Among the victims were children in uniform who were on their way to a nearby school. A picture circulating on social media showed one young child in the morgue still wearing her pink schoolbag, pulled up as a pillow to her hair, which was covered in blood.

“I have carried so many bodies that I cannot even talk,” said Mohammad Karim, 47, who lives nearby. “What is our pain? It is an ongoing pain and misery. They are attacking us and we are being martyred. I carried about 12 bodies. I carried a daughter and mother. The daughter’s brain was smashed out, the mother’s abdomen was cut open.”

A separate explosion near a voter registration center in the northern province of Baghlan killed five people and wounded four others, officials there said.

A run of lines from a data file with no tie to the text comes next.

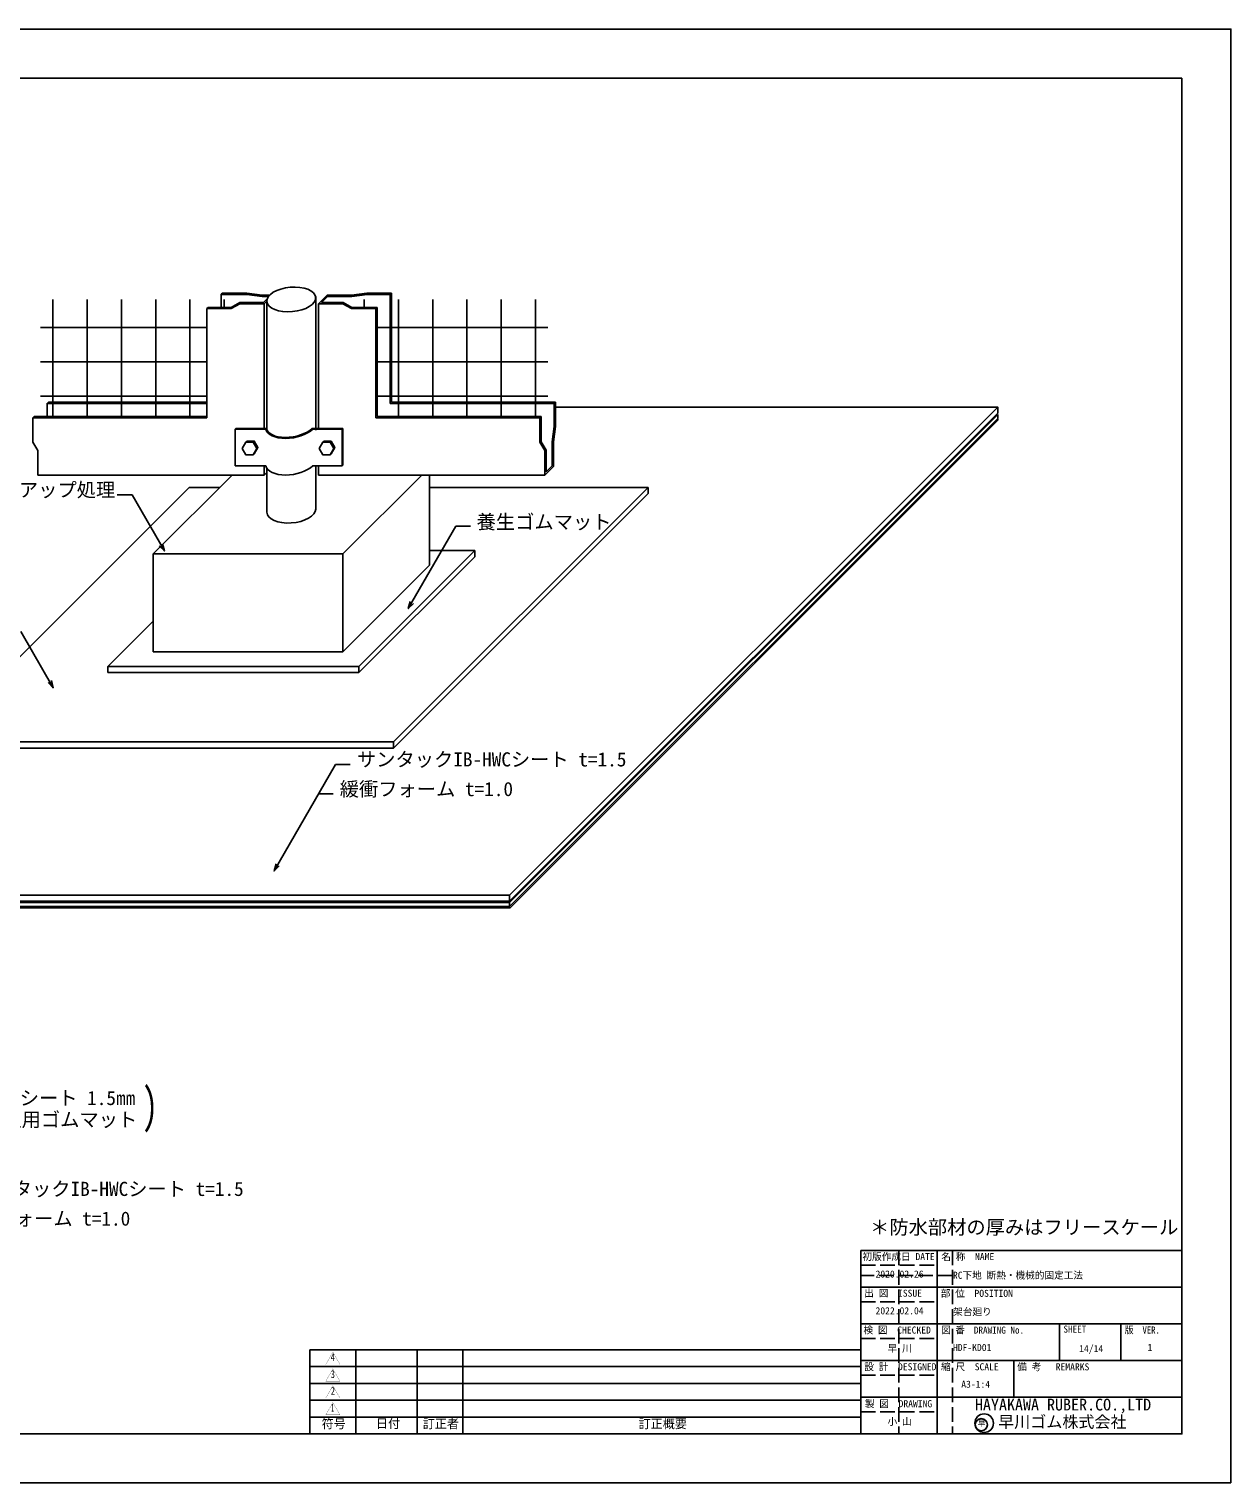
# Model space of a CAD drawing. Units: millimetres, scale not verified. Extents: x -840 to 5880, y -594 to 4158.
# Drawn here: x 1952 to 5880, y -594 to 4158 of the extents above; entities that cross this region are included whole.
import ezdxf
from ezdxf.enums import TextEntityAlignment as Align

# ---------------------------------------------------------------- set-up
doc = ezdxf.new("R2010")
doc.units = ezdxf.units.MM
doc.header["$LTSCALE"] = 4
doc.linetypes.add('DASHED3', pattern=[4, 3, -1])
for name, color, linetype in [('0-0_0', 7, 'Continuous'), ('0-1_IBｼｰﾄ', 7, 'Continuous'), ('0-2_仮想線', 1, 'DASHED3'), ('0-3_図面枠', 7, 'Continuous'), ('0-4_増張りシート', 7, 'Continuous'), ('0-5_実線', 7, 'Continuous'), ('0-6_寸法線', 7, 'Continuous'), ('0-7_文字', 5, 'Continuous'), ('0-9_緩衝フォーム', 7, 'Continuous'), ('0-A_表題欄', 7, 'Continuous'), ('0-B_躯体', 7, 'Continuous'), ('0-C_輪郭線', 2, 'Continuous'), ('0-D_鋼材(受け鋼板)', 4, 'Continuous')]:
    doc.layers.add(name, color=color, linetype=linetype)
doc.styles.add('MS Gothic', font='')
doc.styles.get('MS Gothic').set_extended_font_data('MS Gothic')

# ---------------------------------------------------------------- blocks, each defined once
blk = doc.blocks.new('表題欄(建築)')
at = {"layer": '0-2_仮想線'}
for p, q in [((31.25, 150), (31.25, 0)), ((75, 150), (75, 0)), ((0, 138), (62.5, 138)), ((75, 129.375), (0, 129.375)), ((0, 108), (62.5, 108)), ((0, 78), (62.5, 78)), ((0, 48), (62.5, 48)), ((0, 18), (62.5, 18))]:
    blk.add_line(p, q, dxfattribs=at)
at = {"layer": '0-A_表題欄'}
for p, q in [((0, 150), (262.5, 150)), ((0, 0), (0, 150)), ((62.5, 150), (62.5, 0)), ((262.5, 150), (262.5, 0)), ((0, 120), (62.5, 120)), ((0, 120), (262.5, 120)), ((0, 90), (262.5, 90)), ((162.5, 90), (162.5, 60)), ((212.5, 90), (212.5, 60)), ((0, 60), (262.5, 60)), ((125, 60), (125, 30)), ((0, 30), (262.5, 30))]:
    blk.add_line(p, q, dxfattribs=at)
blk.add_lwpolyline([(0, 150), (0, 0), (262.5, 0)], dxfattribs=at)
for centre, radius in [((100.891, 8.795), 7.598), ((98.573, 7.58), 4.974)]:
    blk.add_circle(centre, radius, dxfattribs=at)
at = {"layer": '0-A_表題欄', "style": 'MS Gothic'}
for s, height, p in [('初版作成日 DATE', 5.773, (1.438, 140.3)), ('名 称  NAME', 5.773, (65.887, 140.3)), ('出 図  ISSUE', 5.773, (2.929, 110.421)), ('部 位  POSITION', 5.773, (65.438, 110.3)), ('検 図  CHECKED', 5.773, (2.296, 80.3)), ('設 計  DESIGNED', 5.773, (2.968, 50.3)), ('縮 尺  SCALE', 5.773, (65.633, 50.3)), ('備 考   REMARKS', 5.773, (127.877, 50.239)), ('製 図  DRAWING', 5.773, (3.418, 20.117)), ('HAYAKAWA RUBER.CO.,LTD', 9.621, (93.337, 16.303)), ('早川ゴム株式会社', 9.621, (112.256, 2.235))]:
    blk.add_text(s, height=height, dxfattribs=at).set_placement(p, align=Align.BOTTOM_LEFT)
for s, height, width, p in [('図 番  DRAWING No.', 5.773, 0.95, (65.956, 80.269)), ('SHEET', 5.773, 0.95, (165.658, 81.061)), ('版\u3000VER.', 5.773, 0.9, (215.722, 80.33)), ('早', 4.99, 0.9, (95.598, 4.671))]:
    blk.add_text(s, height=height, dxfattribs=dict(at, width=width)).set_placement(p, align=Align.BOTTOM_LEFT)
blk = doc.blocks.new('囲い文字1')
at = {"layer": '0-7_文字'}
for points in [[(-4.659, -51.926), (-5.005, -52.126), (1.868, -40.622), (1.868, -40.222)], [(1.868, -40.622), (1.868, -40.222), (8.395, -51.926), (8.741, -52.126)], [(8.395, -51.926), (8.741, -52.126), (-4.659, -51.926), (-5.005, -52.126)]]:
    blk.add_solid(points, dxfattribs=at)
at = {"layer": '0-7_文字', "style": 'MS Gothic', "width": 0.4}
blk.add_text('1', height=7.312, dxfattribs=at).set_placement((0.363, -51.147), align=Align.BOTTOM_LEFT)
blk = doc.blocks.new('U69')
at = {"layer": '0-0_0', "xscale": 3.446988, "yscale": 3.446988}
blk.add_blockref('囲い文字1', (16.655, 139.333), dxfattribs=at)
blk = doc.blocks.new('囲い文字2')
at = {"layer": '0-7_文字'}
for points in [[(-33.503, 62.631), (-33.849, 62.431), (-26.976, 73.935), (-26.976, 74.335)], [(-26.976, 73.935), (-26.976, 74.335), (-20.45, 62.631), (-20.103, 62.431)], [(-20.45, 62.631), (-20.103, 62.431), (-33.503, 62.631), (-33.849, 62.431)]]:
    blk.add_solid(points, dxfattribs=at)
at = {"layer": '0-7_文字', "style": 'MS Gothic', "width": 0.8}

In the week since voter registration began, staff members have been abducted in the western province of Ghor, and at least one registration center came under rocket fire in Badghis province in the country’s northwest. In the eastern city of Jalalabad, gunmen on a motorcycle shot and killed two police officers guarding a voter registration center.

Officials said that even provincial capitals were struggling to open all voter registration centers. “There are 55 voter registration centers in Kunduz city and the villages that belong to the center, and 20 of them are closed because those villages are under Taliban control,” said Gen. Abdul Hamid Hamidi, police chief of Kunduz province.

The country’s parliamentary elections have been delayed by three years as the leaders of the coalition government, which came out of a messy presidential election that almost tore the country apart, debated measures to prevent the fraud that had marred previous elections.

After public disagreements that added to the voter fatigue, the leaders announced an October date for the elections. They also decided to declare void the millions of voter identification cards already in circulation, which have been used in vote rigging in the past.

Instead, they asked people to return to their local polling centers and register with their national ID cards. Officials and party leaders have expressed concern about the low response, especially after recent attacks targeting registration centers or their staff. In the first week of voter registration, just 190,000 people signed up — from what political parties estimated is a pool of about 14 million eligible voters.

“We are concerned about the rate of voter registration,” said Bashir Ahmad Tayanj, a spokesman for the Junbish party, an Uzbek group. “If people don’t take part in the election, it will be meaningless.”

Security officials have said that close to 1,000 polling stations are completely beyond government control, while more than 2,000 others are in areas that are described as medium or high security risks. In total, there are about 7,355 polling stations in Afghanistan.